GBWTGraph construction requires one input GBWT and an input graph (`-x` / `--xg-name`).

## R-index construction (step 6)

**Example:**
```
# Build an r-index for the input GBWT.
vg gbwt -r haplotypes.ri haplotypes.gbwt
```

We can build an r-index corresponding to the final GBWT with option `-r X` / `--r-index X` and write it to file `X`. The final GBWT is either the output GBWT if other options require it or the only input GBWT otherwise.

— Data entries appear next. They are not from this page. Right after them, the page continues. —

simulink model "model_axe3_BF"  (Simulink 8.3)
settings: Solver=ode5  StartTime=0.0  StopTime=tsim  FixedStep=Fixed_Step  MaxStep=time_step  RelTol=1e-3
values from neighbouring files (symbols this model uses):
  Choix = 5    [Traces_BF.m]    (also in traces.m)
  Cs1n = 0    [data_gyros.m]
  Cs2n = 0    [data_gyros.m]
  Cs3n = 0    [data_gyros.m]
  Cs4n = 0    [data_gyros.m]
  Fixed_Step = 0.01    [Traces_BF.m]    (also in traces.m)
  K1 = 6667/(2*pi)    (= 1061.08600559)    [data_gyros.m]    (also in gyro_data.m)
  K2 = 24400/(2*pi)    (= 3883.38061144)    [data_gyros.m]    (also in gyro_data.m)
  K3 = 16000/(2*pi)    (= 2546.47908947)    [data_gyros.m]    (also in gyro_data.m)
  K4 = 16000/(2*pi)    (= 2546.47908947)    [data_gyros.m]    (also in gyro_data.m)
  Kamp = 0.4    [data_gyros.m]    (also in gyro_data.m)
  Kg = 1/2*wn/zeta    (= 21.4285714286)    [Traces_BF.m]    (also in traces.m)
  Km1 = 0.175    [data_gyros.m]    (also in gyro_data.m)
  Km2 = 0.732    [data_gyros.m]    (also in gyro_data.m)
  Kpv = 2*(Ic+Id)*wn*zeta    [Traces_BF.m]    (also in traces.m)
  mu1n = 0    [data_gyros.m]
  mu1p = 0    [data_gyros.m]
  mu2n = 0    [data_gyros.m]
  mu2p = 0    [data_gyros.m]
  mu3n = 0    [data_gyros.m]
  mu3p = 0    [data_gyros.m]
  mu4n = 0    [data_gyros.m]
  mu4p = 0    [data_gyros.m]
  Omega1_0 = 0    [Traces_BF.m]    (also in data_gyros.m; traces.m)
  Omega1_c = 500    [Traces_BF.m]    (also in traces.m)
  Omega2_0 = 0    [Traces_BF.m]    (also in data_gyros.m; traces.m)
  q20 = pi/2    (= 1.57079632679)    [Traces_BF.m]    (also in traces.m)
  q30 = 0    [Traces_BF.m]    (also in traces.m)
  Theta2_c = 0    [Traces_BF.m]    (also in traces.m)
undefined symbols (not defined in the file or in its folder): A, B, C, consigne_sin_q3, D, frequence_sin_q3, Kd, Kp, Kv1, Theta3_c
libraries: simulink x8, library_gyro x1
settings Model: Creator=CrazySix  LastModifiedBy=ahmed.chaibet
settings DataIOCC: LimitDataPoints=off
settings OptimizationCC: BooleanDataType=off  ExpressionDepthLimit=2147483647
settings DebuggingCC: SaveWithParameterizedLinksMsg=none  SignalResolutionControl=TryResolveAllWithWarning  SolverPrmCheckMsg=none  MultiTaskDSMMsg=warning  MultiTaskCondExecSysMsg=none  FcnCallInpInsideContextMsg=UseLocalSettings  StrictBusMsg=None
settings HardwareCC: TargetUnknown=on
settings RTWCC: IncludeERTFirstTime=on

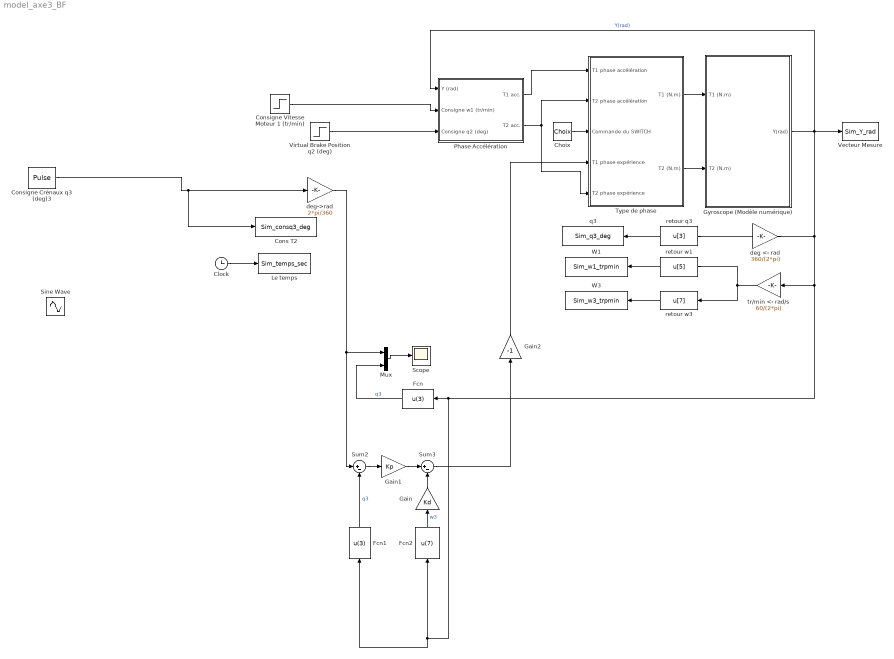
== system model_axe3_BF ==
  Choix : Constant  Value=Choix
  Clock : Clock
  Cons T2 : ToWorkspace  VariableName=Sim_consq3_deg  SampleTime=-1
  Consigne Crénaux q3 (deg)3 : DiscretePulseGenerator  PulseType=Time based  Amplitude=Theta3_c  Period=10  PulseWidth=50  SampleTime=Fixed_Step
  Consigne Vitesse Moteur 1 (tr/min) : Step  Time=0  Before=Omega1_c  After=0  SampleTime=0
  Fcn : Fcn  Expr=u(3)
  Fcn1 : Fcn  Expr=u(3)
  Fcn2 : Fcn  Expr=u(7)
  Gain : Gain  Gain=Kd  SaturateOnIntegerOverflow=on  OutDataTypeStr=Inherit: Same as input  ParamDataTypeStr=Inherit: Same as input
  Gain1 : Gain  Gain=Kp  SaturateOnIntegerOverflow=on  OutDataTypeStr=Inherit: Same as input  ParamDataTypeStr=Inherit: Same as input
  Gain2 : Gain  Gain=-1  SaturateOnIntegerOverflow=on  OutDataTypeStr=Inherit: Same as input  ParamDataTypeStr=Inherit: Same as input
  Gyroscope (Modèle numérique) : Subsystem
  Le temps : ToWorkspace  VariableName=Sim_temps_sec  SampleTime=-1
  Mux : Mux  Inputs=2
  Phase Accélération : Subsystem
  Scope : Scope
      settings: YMin=0  YMax=0.09
  Sine Wave : Sin  Amplitude=consigne_sin_q3  Frequency=frequence_sin_q3  SampleTime=0
  Sum2 : Sum  Inputs=|+-  SaturateOnIntegerOverflow=on  InputSameDT=on  OutDataTypeStr=Inherit: Same as first input
  Sum3 : Sum  Inputs=|+-  SaturateOnIntegerOverflow=on  InputSameDT=on  OutDataTypeStr=Inherit: Same as first input
  Type de phase : Subsystem
  Vecteur Mesure : ToWorkspace  VariableName=Sim_Y_rad  SampleTime=-1
  Virtual Brake Position q2 (deg) : Step  Time=0  Before=Theta2_c  After=0  SampleTime=0
  W1 : ToWorkspace  VariableName=Sim_w1_trpmin  SampleTime=-1
  W3 : ToWorkspace  VariableName=Sim_w3_trpmin  SampleTime=-1
  deg <- rad : Gain  Gain=360/(2*pi)  SaturateOnIntegerOverflow=on  OutDataTypeStr=Inherit: Same as input  ParamDataTypeStr=Inherit: Same as input
  deg->rad : Gain  Gain=2*pi/360  SaturateOnIntegerOverflow=on  OutDataTypeStr=Inherit: Same as input  ParamDataTypeStr=Inherit: Same as input
  q3 : ToWorkspace  VariableName=Sim_q3_deg  SampleTime=-1
  retour q3 : Fcn  Expr=u[3]
  retour w1 : Fcn  Expr=u[5]
  retour w3 : Fcn  Expr=u[7]
  tr/min <- rad/s : Gain  Gain=60/(2*pi)  SaturateOnIntegerOverflow=on  OutDataTypeStr=Inherit: Same as input  ParamDataTypeStr=Inherit: Same as input
  wires:
  Clock/1 -> Le temps/1
  Gyroscope (Modèle numérique)/1(Y(rad)) -> Vecteur Mesure/1, deg <- rad/1, tr/min <- rad/s/1, Fcn2/1, Fcn1/1, Fcn/1, Phase Accélération/1(Y (rad))  "Y(rad)"
  tr/min <- rad/s/1 -> retour w1/1, retour w3/1
  retour w1/1 -> W1/1
  retour w3/1 -> W3/1
  Consigne Vitesse Moteur 1 (tr/min)/1 -> Phase Accélération/2("Consigne w1 (tr/min) ")
  Virtual Brake Position q2 (deg)/1 -> Phase Accélération/3("Consigne q2 (deg) ")
  Phase Accélération/2(T2 acc.) -> Type de phase/2(T2 phase accélération), Type de phase/5(T2 phase expérience)
  Phase Accélération/1(T1 acc.) -> Type de phase/1(T1 phase accélération)
  Choix/1 -> Type de phase/3(Commande du SWITCH)
  Type de phase/1(T1 (N.m)) -> Gyroscope (Modèle numérique)/1(T1 (N.m))
  Type de phase/2(T2 (N.m)) -> Gyroscope (Modèle numérique)/2(T2 (N.m))
  retour q3/1 -> q3/1
  deg <- rad/1 -> retour q3/1
  Mux/1 -> Scope/1
  Fcn/1 -> Mux/2  "q3"
  Sum2/1 -> Gain1/1
  Fcn1/1 -> Sum2/2  "q3"
  Gain/1 -> Sum3/2
  Fcn2/1 -> Gain/1  "w3"
  deg->rad/1 -> Mux/1, Sum2/1
  Gain1/1 -> Sum3/1
  Sum3/1 -> Gain2/1
  Gain2/1 -> Type de phase/4(T1 phase expérience)
  Consigne Crénaux q3 (deg)3/1 -> Cons T2/1, deg->rad/1

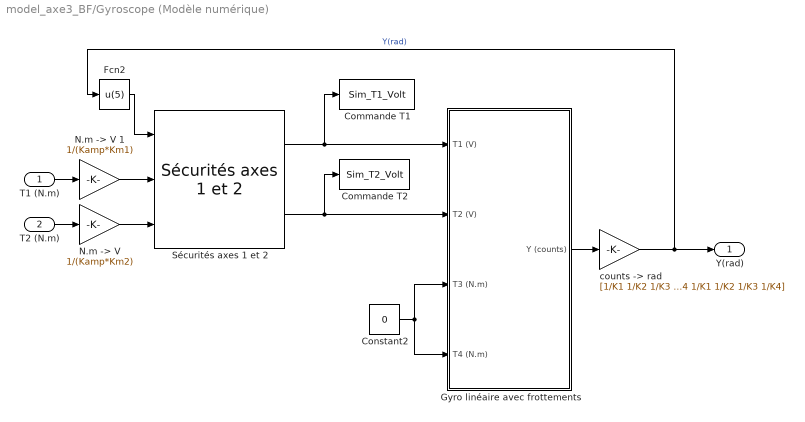
== system model_axe3_BF/Gyroscope (Modèle numérique) ==
  T1 (N.m) : Inport
  T2 (N.m) : Inport  Port=2
  Commande T1 : ToWorkspace  VariableName=Sim_T1_Volt  SampleTime=-1
  Commande T2 : ToWorkspace  VariableName=Sim_T2_Volt  SampleTime=-1
  Constant2 : Constant  Value=0
  Fcn2 : Fcn  Expr=u(5)
  Gyro linéaire avec frottements : Subsystem
  "N.m -> V" : Gain  Gain=1/(Kamp*Km2)  SaturateOnIntegerOverflow=on  OutDataTypeStr=Inherit: Same as input  ParamDataTypeStr=Inherit: Same as input
  "N.m -> V 1" : Gain  Gain=1/(Kamp*Km1)  SaturateOnIntegerOverflow=on  OutDataTypeStr=Inherit: Same as input  ParamDataTypeStr=Inherit: Same as input
  Sécurités axes 1 et 2 : library_gyro/Sécurités axes 1 et 2
  "counts -> rad" : Gain  Gain=[1/K1 1/K2 1/K3 1/K4 1/K1 1/K2 1/K3 1/K4]  SaturateOnIntegerOverflow=on  OutDataTypeStr=Inherit: Same as input  ParamDataTypeStr=Inherit: Same as input
  Y(rad) : Outport
  wires:
  Gyro linéaire avec frottements/1(Y (counts)) -> "counts -> rad"/1
  Sécurités axes 1 et 2/2 -> Gyro linéaire avec frottements/2(T2 (V)), Commande T2/1
  Sécurités axes 1 et 2/1 -> Gyro linéaire avec frottements/1(T1 (V)), Commande T1/1
  Constant2/1 -> Gyro linéaire avec frottements/4(T4 (N.m)), Gyro linéaire avec frottements/3(T3 (N.m))
  "N.m -> V"/1 -> Sécurités axes 1 et 2/3
  "counts -> rad"/1 -> Y(rad)/1, Fcn2/1  "Y(rad)"
  Fcn2/1 -> Sécurités axes 1 et 2/1
  "N.m -> V 1"/1 -> Sécurités axes 1 et 2/2
  T1 (N.m)/1 -> "N.m -> V 1"/1
  T2 (N.m)/1 -> "N.m -> V"/1

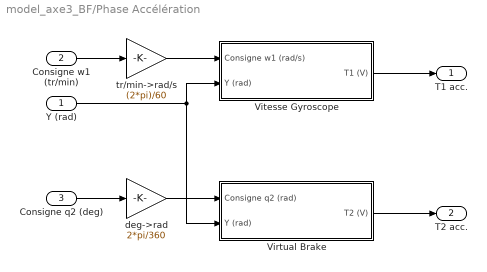
== system model_axe3_BF/Phase Accélération ==
  Y (rad) : Inport
  "Consigne w1 (tr/min) " : Inport  Port=2
  "Consigne q2 (deg) " : Inport  Port=3
  Virtual Brake : Subsystem
  Vitesse Gyroscope : Subsystem
  deg->rad : Gain  Gain=2*pi/360  SaturateOnIntegerOverflow=on  OutDataTypeStr=Inherit: Same as input  ParamDataTypeStr=Inherit: Same as input
  tr/min->rad/s : Gain  Gain=(2*pi)/60  SaturateOnIntegerOverflow=on  OutDataTypeStr=Inherit: Same as input  ParamDataTypeStr=Inherit: Same as input
  T1 acc. : Outport
  T2 acc. : Outport  Port=2
  wires:
  Y (rad)/1 -> Virtual Brake/2(Y (rad)), Vitesse Gyroscope/2(Y (rad))
  "Consigne q2 (deg) "/1 -> deg->rad/1
  Vitesse Gyroscope/1(T1 (V)) -> T1 acc./1
  Virtual Brake/1(T2 (V)) -> T2 acc./1
  tr/min->rad/s/1 -> Vitesse Gyroscope/1("Consigne w1 (rad/s) ")
  "Consigne w1 (tr/min) "/1 -> tr/min->rad/s/1
  deg->rad/1 -> Virtual Brake/1("Consigne q2 (rad) ")

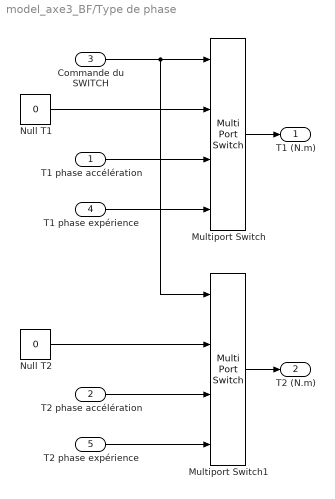
== system model_axe3_BF/Type de phase ==
  T1 phase accélération : Inport
  T2 phase accélération : Inport  Port=2
  Commande du SWITCH : Inport  Port=3
  T1 phase expérience : Inport  Port=4
  T2 phase expérience : Inport  Port=5
  Multiport Switch : MultiPortSwitch  SaturateOnIntegerOverflow=on  InputSameDT=on
  Multiport Switch1 : MultiPortSwitch  SaturateOnIntegerOverflow=on  InputSameDT=on
  Null T1 : Constant  Value=0
  Null T2 : Constant  Value=0
  T1 (N.m) : Outport
  T2 (N.m) : Outport  Port=2
  wires:
  Multiport Switch/1 -> T1 (N.m)/1
  Commande du SWITCH/1 -> Multiport Switch/1, Multiport Switch1/1
  Multiport Switch1/1 -> T2 (N.m)/1
  T2 phase expérience/1 -> Multiport Switch1/4
  T2 phase accélération/1 -> Multiport Switch1/3
  T1 phase expérience/1 -> Multiport Switch/4
  T1 phase accélération/1 -> Multiport Switch/3
  Null T1/1 -> Multiport Switch/2
  Null T2/1 -> Multiport Switch1/2

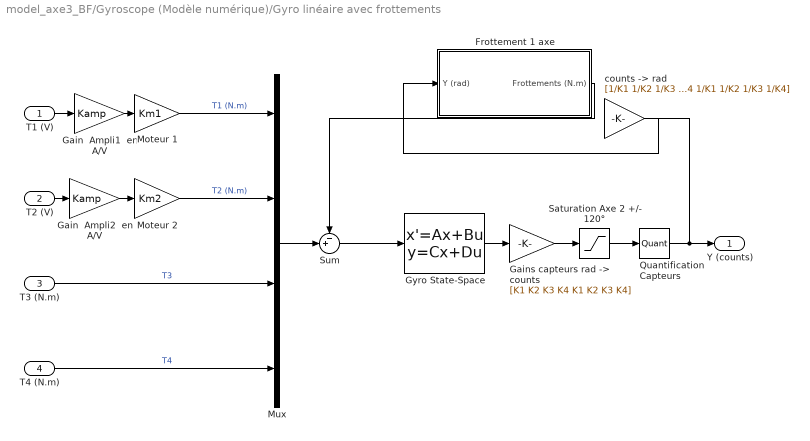
== system model_axe3_BF/Gyroscope (Modèle numérique)/Gyro linéaire avec frottements ==
  T1 (V) : Inport
  T2 (V) : Inport  Port=2
  T3 (N.m) : Inport  Port=3
  T4 (N.m) : Inport  Port=4
  Frottement 1 axe : Subsystem
  Gain  Ampli1  en A/V : Gain  Gain=Kamp  SaturateOnIntegerOverflow=on  OutDataTypeStr=Inherit: Same as input  ParamDataTypeStr=Inherit: Same as input
  Gain  Ampli2  en A/V : Gain  Gain=Kamp  SaturateOnIntegerOverflow=on  OutDataTypeStr=Inherit: Same as input  ParamDataTypeStr=Inherit: Same as input
  "Gains capteurs rad -> counts" : Gain  Gain=[K1 K2 K3 K4 K1 K2 K3 K4]  SaturateOnIntegerOverflow=on  OutDataTypeStr=Inherit: Same as input  ParamDataTypeStr=Inherit: Same as input
  Gyro State-Space : StateSpace  A=A  B=B  C=C  D=D  X0=[0 q20 q30 0 Omega1_0 Omega2_0 0 0]
  Moteur 1 : Gain  Gain=Km1  SaturateOnIntegerOverflow=on  OutDataTypeStr=Inherit: Same as input  ParamDataTypeStr=Inherit: Same as input
  Moteur 2 : Gain  Gain=Km2  SaturateOnIntegerOverflow=on  OutDataTypeStr=Inherit: Same as input  ParamDataTypeStr=Inherit: Same as input
  Mux : Mux
  Quantification Capteurs : Quantizer  QuantizationInterval=Q
  Saturation Axe 2 +/- 120° : Saturate  UpperLimit=[inf 120*pi/180*K2 inf inf inf inf inf inf]  LowerLimit=[-inf -120*pi/180*K2 -inf -inf -inf -inf -inf -inf]
  Sum : Sum  Inputs=-+|  SaturateOnIntegerOverflow=on  InputSameDT=on  OutDataTypeStr=Inherit: Same as first input
  "counts -> rad" : Gain  Gain=[1/K1 1/K2 1/K3 1/K4 1/K1 1/K2 1/K3 1/K4]  SaturateOnIntegerOverflow=on  OutDataTypeStr=Inherit: Same as input  ParamDataTypeStr=Inherit: Same as input
  Y (counts) : Outport
  wires:
  T1 (V)/1 -> Gain  Ampli1  en A/V/1
  Gain  Ampli1  en A/V/1 -> Moteur 1/1
  Moteur 2/1 -> Mux/2  "T2 (N.m)"
  Gain  Ampli2  en A/V/1 -> Moteur 2/1
  Gyro State-Space/1 -> "Gains capteurs rad -> counts"/1
  T2 (V)/1 -> Gain  Ampli2  en A/V/1
  Saturation Axe 2 +/- 120°/1 -> Quantification Capteurs/1
  Quantification Capteurs/1 -> Y (counts)/1, "counts -> rad"/1
  T3 (N.m)/1 -> Mux/3  "T3"
  T4 (N.m)/1 -> Mux/4  "T4"
  "Gains capteurs rad -> counts"/1 -> Saturation Axe 2 +/- 120°/1
  Moteur 1/1 -> Mux/1  "T1 (N.m)"
  Mux/1 -> Sum/2
  Sum/1 -> Gyro State-Space/1
  Frottement 1 axe/1(Frottements (N.m)) -> Sum/1
  "counts -> rad"/1 -> Frottement 1 axe/1(Y (rad))

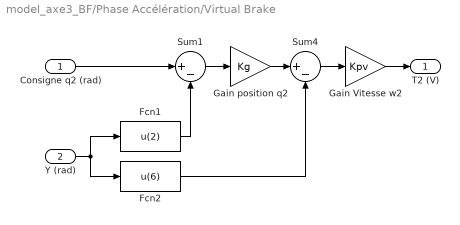
== system model_axe3_BF/Phase Accélération/Virtual Brake ==
  "Consigne q2 (rad) " : Inport
  Y (rad) : Inport  Port=2
  Fcn1 : Fcn  Expr=u(2)
  Fcn2 : Fcn  Expr=u(6)
  Gain Vitesse w2 : Gain  Gain=Kpv  SaturateOnIntegerOverflow=on  OutDataTypeStr=Inherit: Same as input  ParamDataTypeStr=Inherit: Same as input
  Gain position q2 : Gain  Gain=Kg  SaturateOnIntegerOverflow=on  OutDataTypeStr=Inherit: Same as input  ParamDataTypeStr=Inherit: Same as input
  Sum1 : Sum  Inputs=|+-  SaturateOnIntegerOverflow=on  InputSameDT=on  OutDataTypeStr=Inherit: Same as first input
  Sum4 : Sum  Inputs=|+-  SaturateOnIntegerOverflow=on  InputSameDT=on  OutDataTypeStr=Inherit: Same as first input
  T2 (V) : Outport
  wires:
  Fcn1/1 -> Sum1/2
  Sum1/1 -> Gain position q2/1
  Sum4/1 -> Gain Vitesse w2/1
  Fcn2/1 -> Sum4/2
  "Consigne q2 (rad) "/1 -> Sum1/1
  Gain position q2/1 -> Sum4/1
  Y (rad)/1 -> Fcn2/1, Fcn1/1
  Gain Vitesse w2/1 -> T2 (V)/1

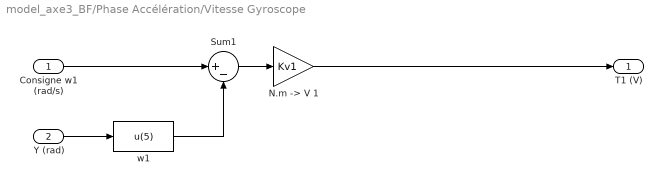
== system model_axe3_BF/Phase Accélération/Vitesse Gyroscope ==
  "Consigne w1 (rad/s) " : Inport
  Y (rad) : Inport  Port=2
  "N.m -> V 1" : Gain  Gain=Kv1  SaturateOnIntegerOverflow=on  OutDataTypeStr=Inherit: Same as input  ParamDataTypeStr=Inherit: Same as input
  Sum1 : Sum  Inputs=|+-  SaturateOnIntegerOverflow=on  InputSameDT=on  OutDataTypeStr=Inherit: Same as first input
  w1 : Fcn  Expr=u(5)
  T1 (V) : Outport
  wires:
  w1/1 -> Sum1/2
  Sum1/1 -> "N.m -> V 1"/1
  "Consigne w1 (rad/s) "/1 -> Sum1/1
  Y (rad)/1 -> w1/1
  "N.m -> V 1"/1 -> T1 (V)/1

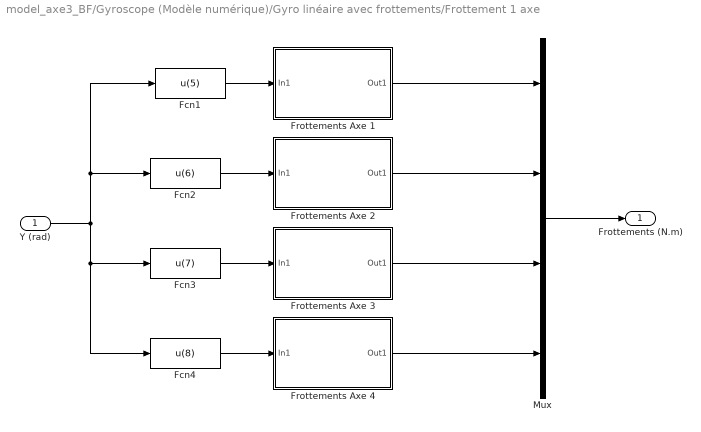
== system model_axe3_BF/Gyroscope (Modèle numérique)/Gyro linéaire avec frottements/Frottement 1 axe ==
  Y (rad) : Inport
  Fcn1 : Fcn  Expr=u(5)
  Fcn2 : Fcn  Expr=u(6)
  Fcn3 : Fcn  Expr=u(7)
  Fcn4 : Fcn  Expr=u(8)
  Frottements Axe 1 : Subsystem
  Frottements Axe 2 : Subsystem
  Frottements Axe 3 : Subsystem
  Frottements Axe 4 : Subsystem
  Mux : Mux
  Frottements (N.m) : Outport
  wires:
  Frottements Axe 1/1(Out1) -> Mux/1
  Y (rad)/1 -> Fcn1/1, Fcn2/1, Fcn3/1, Fcn4/1
  Fcn1/1 -> Frottements Axe 1/1(In1)
  Fcn4/1 -> Frottements Axe 4/1(In1)
  Fcn3/1 -> Frottements Axe 3/1(In1)
  Mux/1 -> Frottements (N.m)/1
  Frottements Axe 3/1(Out1) -> Mux/3
  Frottements Axe 4/1(Out1) -> Mux/4
  Fcn2/1 -> Frottements Axe 2/1(In1)
  Frottements Axe 2/1(Out1) -> Mux/2

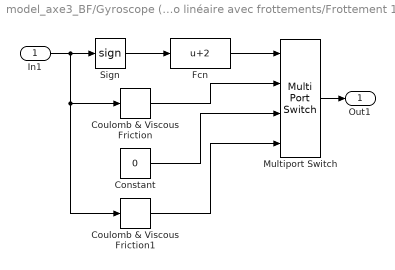
== system model_axe3_BF/Gyroscope (Modèle numérique)/Gyro linéaire avec frottements/Frottement 1 axe/Frottements Axe 1 ==
  In1 : Inport
  Constant : Constant  Value=0
  Coulomb & Viscous Friction : simulink/Discontinuities/Coulomb & Viscous Friction  offset=abs(Cs1n)  gain=mu1n
  Coulomb & Viscous Friction1 : simulink/Discontinuities/Coulomb & Viscous Friction  offset=Cs1p  gain=mu1p
  Fcn : Fcn  Expr=u+2
  Multiport Switch : MultiPortSwitch  SaturateOnIntegerOverflow=on  InputSameDT=on
  Sign : Signum
  Out1 : Outport
  wires:
  In1/1 -> Sign/1, Coulomb & Viscous Friction/1, Coulomb & Viscous Friction1/1
  Fcn/1 -> Multiport Switch/1
  Sign/1 -> Fcn/1
  Coulomb & Viscous Friction1/1 -> Multiport Switch/4
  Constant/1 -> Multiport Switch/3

The r-index requires the final GBWT. It does not work without it or with other GBWT indexes.

R-index construction requires one input GBWT.

## Metadata output (step 7)

There are several options for printing metadata from the input GBWT to stdout.

* `M` / `--metadata`: Print basic metadata information.
* `C` / `--contigs`: Print the total number of contigs.
* `H` / `--haplotypes`: Print the total number of haplotypes.
* `S` / `--samples`: Print the total number of samples.
* `L` / `--list-names`: When used with `-C` or `-S`, prints the names of the contigs or the samples instead of the total.
* `T` / `--thread-names`: Print the names of all threads.

Metadata output requires one input GBWT.

## Thread extraction (step 8)

These options extract threads from the input GBWT. They work even when the GBWT index has been built without metadata.

* `-c` / `--count-threads`: Print the total number of threads to stdout.
* `-e X` / `--extract X`: Extract the threads as `sdsl::int_vector_buffer<0>` to file `X`. This format can be used by the `build_gbwt` tool included in the GBWT repository.

Thread extraction requires one input GBWT.